━━━━━ Task input
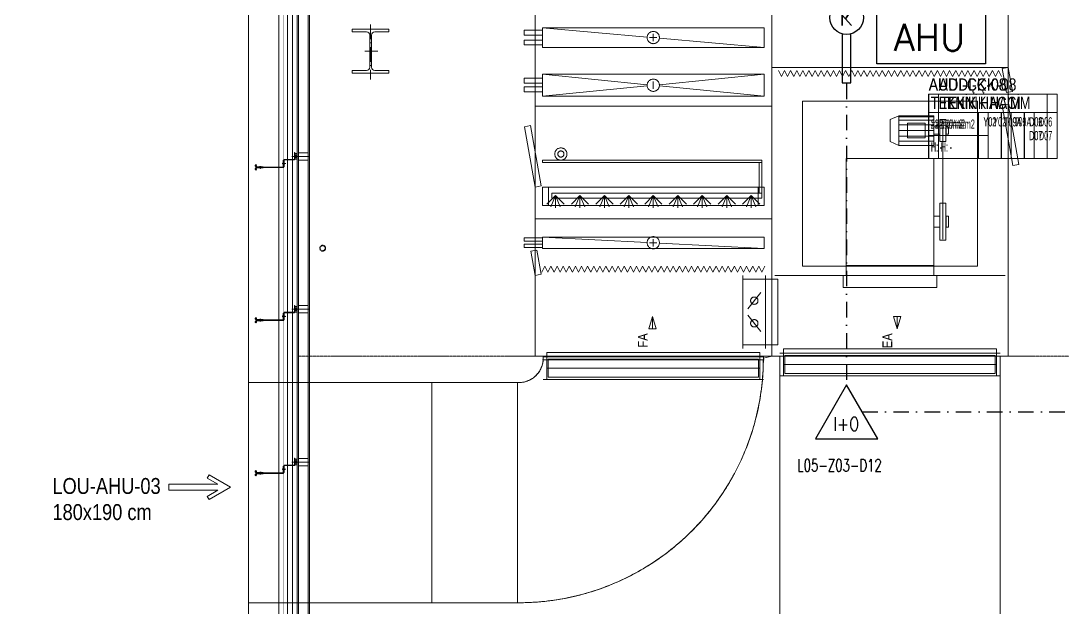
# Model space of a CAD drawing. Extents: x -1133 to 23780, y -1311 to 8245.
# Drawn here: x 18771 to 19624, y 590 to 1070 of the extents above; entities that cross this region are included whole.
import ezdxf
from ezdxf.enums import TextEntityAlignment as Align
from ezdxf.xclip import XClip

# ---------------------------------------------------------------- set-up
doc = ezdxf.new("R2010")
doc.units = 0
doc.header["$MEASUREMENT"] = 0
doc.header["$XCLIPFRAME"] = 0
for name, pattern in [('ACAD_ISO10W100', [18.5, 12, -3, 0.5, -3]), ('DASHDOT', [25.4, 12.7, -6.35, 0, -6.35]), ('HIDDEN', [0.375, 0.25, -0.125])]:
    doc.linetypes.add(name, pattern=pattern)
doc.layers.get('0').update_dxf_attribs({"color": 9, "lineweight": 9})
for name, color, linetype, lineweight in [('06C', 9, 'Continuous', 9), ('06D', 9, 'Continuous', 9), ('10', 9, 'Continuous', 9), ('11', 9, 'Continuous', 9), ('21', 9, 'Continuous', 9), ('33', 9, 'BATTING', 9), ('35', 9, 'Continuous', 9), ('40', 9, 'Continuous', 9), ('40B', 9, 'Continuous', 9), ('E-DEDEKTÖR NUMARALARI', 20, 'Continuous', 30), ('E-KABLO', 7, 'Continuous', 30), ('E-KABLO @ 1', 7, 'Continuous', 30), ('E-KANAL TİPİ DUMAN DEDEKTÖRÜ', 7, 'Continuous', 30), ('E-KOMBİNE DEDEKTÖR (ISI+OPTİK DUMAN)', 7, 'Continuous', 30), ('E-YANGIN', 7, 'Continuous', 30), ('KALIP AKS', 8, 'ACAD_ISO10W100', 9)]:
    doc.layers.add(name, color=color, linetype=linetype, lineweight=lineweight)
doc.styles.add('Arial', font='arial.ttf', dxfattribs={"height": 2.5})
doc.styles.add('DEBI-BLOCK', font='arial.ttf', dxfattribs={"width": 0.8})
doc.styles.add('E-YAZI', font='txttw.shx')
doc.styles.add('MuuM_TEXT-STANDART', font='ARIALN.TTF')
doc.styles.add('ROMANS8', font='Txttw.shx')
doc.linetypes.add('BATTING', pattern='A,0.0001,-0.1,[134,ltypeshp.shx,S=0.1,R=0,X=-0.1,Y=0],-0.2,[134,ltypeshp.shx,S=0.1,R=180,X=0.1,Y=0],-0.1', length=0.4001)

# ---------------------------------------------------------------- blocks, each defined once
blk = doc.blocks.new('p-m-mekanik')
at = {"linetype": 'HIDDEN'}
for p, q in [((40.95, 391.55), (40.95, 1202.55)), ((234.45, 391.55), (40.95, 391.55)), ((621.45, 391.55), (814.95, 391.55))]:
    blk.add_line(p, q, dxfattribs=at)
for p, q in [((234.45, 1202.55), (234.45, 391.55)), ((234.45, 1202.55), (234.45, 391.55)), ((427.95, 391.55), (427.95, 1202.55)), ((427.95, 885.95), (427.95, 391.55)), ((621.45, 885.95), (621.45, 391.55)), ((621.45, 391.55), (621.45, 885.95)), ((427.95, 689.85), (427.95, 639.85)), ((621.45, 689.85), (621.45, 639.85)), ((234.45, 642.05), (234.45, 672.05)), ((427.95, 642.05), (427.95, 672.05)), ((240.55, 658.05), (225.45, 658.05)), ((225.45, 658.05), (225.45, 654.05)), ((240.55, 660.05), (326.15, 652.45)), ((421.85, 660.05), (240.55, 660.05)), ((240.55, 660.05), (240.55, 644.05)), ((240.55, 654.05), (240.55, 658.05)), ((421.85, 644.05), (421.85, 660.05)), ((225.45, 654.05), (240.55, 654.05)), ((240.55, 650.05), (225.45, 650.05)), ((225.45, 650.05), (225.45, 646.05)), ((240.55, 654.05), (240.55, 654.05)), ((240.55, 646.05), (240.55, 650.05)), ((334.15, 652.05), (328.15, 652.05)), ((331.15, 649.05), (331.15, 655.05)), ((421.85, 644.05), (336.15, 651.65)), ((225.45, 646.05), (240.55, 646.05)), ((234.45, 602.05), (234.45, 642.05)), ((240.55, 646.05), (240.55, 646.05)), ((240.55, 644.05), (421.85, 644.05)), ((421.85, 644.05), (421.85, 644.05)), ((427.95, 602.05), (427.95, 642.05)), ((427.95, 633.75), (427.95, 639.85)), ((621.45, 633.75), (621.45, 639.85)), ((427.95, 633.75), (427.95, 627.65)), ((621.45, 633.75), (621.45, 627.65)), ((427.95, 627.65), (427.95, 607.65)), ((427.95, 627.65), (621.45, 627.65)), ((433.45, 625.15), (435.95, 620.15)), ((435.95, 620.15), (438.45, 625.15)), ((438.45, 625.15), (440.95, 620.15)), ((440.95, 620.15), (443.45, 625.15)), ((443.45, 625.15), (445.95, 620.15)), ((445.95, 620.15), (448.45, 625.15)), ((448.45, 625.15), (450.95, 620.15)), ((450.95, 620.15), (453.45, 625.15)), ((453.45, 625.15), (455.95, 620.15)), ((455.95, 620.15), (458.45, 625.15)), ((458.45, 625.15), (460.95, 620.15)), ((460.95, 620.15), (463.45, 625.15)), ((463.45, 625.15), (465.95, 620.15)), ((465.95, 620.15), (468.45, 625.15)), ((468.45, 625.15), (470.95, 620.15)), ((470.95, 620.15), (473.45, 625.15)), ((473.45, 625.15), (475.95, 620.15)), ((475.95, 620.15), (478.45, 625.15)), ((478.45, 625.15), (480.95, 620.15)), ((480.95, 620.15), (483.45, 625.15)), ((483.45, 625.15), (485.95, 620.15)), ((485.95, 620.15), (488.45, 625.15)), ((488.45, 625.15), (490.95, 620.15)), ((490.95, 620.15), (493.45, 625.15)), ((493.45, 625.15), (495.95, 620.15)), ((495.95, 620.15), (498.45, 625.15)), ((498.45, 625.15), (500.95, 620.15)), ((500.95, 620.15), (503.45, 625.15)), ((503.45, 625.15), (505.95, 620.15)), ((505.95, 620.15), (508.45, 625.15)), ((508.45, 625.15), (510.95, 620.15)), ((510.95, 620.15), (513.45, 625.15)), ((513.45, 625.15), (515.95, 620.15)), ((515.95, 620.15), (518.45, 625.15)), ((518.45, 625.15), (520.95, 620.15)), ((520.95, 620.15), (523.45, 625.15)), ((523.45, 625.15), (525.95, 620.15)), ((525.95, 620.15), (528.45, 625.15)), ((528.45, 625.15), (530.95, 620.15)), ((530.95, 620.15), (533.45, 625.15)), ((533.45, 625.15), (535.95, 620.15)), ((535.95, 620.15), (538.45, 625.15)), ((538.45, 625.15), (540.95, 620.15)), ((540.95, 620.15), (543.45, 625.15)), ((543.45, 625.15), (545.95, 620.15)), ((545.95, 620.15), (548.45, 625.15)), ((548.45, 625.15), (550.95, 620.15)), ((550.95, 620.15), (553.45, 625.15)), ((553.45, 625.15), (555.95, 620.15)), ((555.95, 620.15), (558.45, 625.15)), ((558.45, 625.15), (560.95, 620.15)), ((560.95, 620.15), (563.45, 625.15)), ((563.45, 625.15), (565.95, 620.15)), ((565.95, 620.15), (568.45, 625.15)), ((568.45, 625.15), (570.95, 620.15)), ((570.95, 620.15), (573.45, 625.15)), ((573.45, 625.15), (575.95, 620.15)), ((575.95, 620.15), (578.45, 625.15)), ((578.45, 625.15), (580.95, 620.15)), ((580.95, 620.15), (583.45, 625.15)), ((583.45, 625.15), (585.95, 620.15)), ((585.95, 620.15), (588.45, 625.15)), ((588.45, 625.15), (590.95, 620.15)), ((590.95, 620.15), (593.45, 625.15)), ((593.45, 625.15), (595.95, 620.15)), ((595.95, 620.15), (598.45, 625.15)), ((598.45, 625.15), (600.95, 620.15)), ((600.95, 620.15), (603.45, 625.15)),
━━━━━━━━━━
• Work required: Give only the lines from the one holding "doc.styles.add('MuuM_TEXT-STANDART', font='ARIALN.TTF')" through the one holding "blk.add_line(p, q, dxfattribs=at)", each restated exactly as it appears above.

• Written solution:
doc.styles.add('MuuM_TEXT-STANDART', font='ARIALN.TTF')
doc.styles.add('ROMANS8', font='Txttw.shx')
doc.linetypes.add('BATTING', pattern='A,0.0001,-0.1,[134,ltypeshp.shx,S=0.1,R=0,X=-0.1,Y=0],-0.2,[134,ltypeshp.shx,S=0.1,R=180,X=0.1,Y=0],-0.1', length=0.4001)

# ---------------------------------------------------------------- blocks, each defined once
blk = doc.blocks.new('p-m-mekanik')
at = {"linetype": 'HIDDEN'}
for p, q in [((40.95, 391.55), (40.95, 1202.55)), ((234.45, 391.55), (40.95, 391.55)), ((621.45, 391.55), (814.95, 391.55))]:
    blk.add_line(p, q, dxfattribs=at)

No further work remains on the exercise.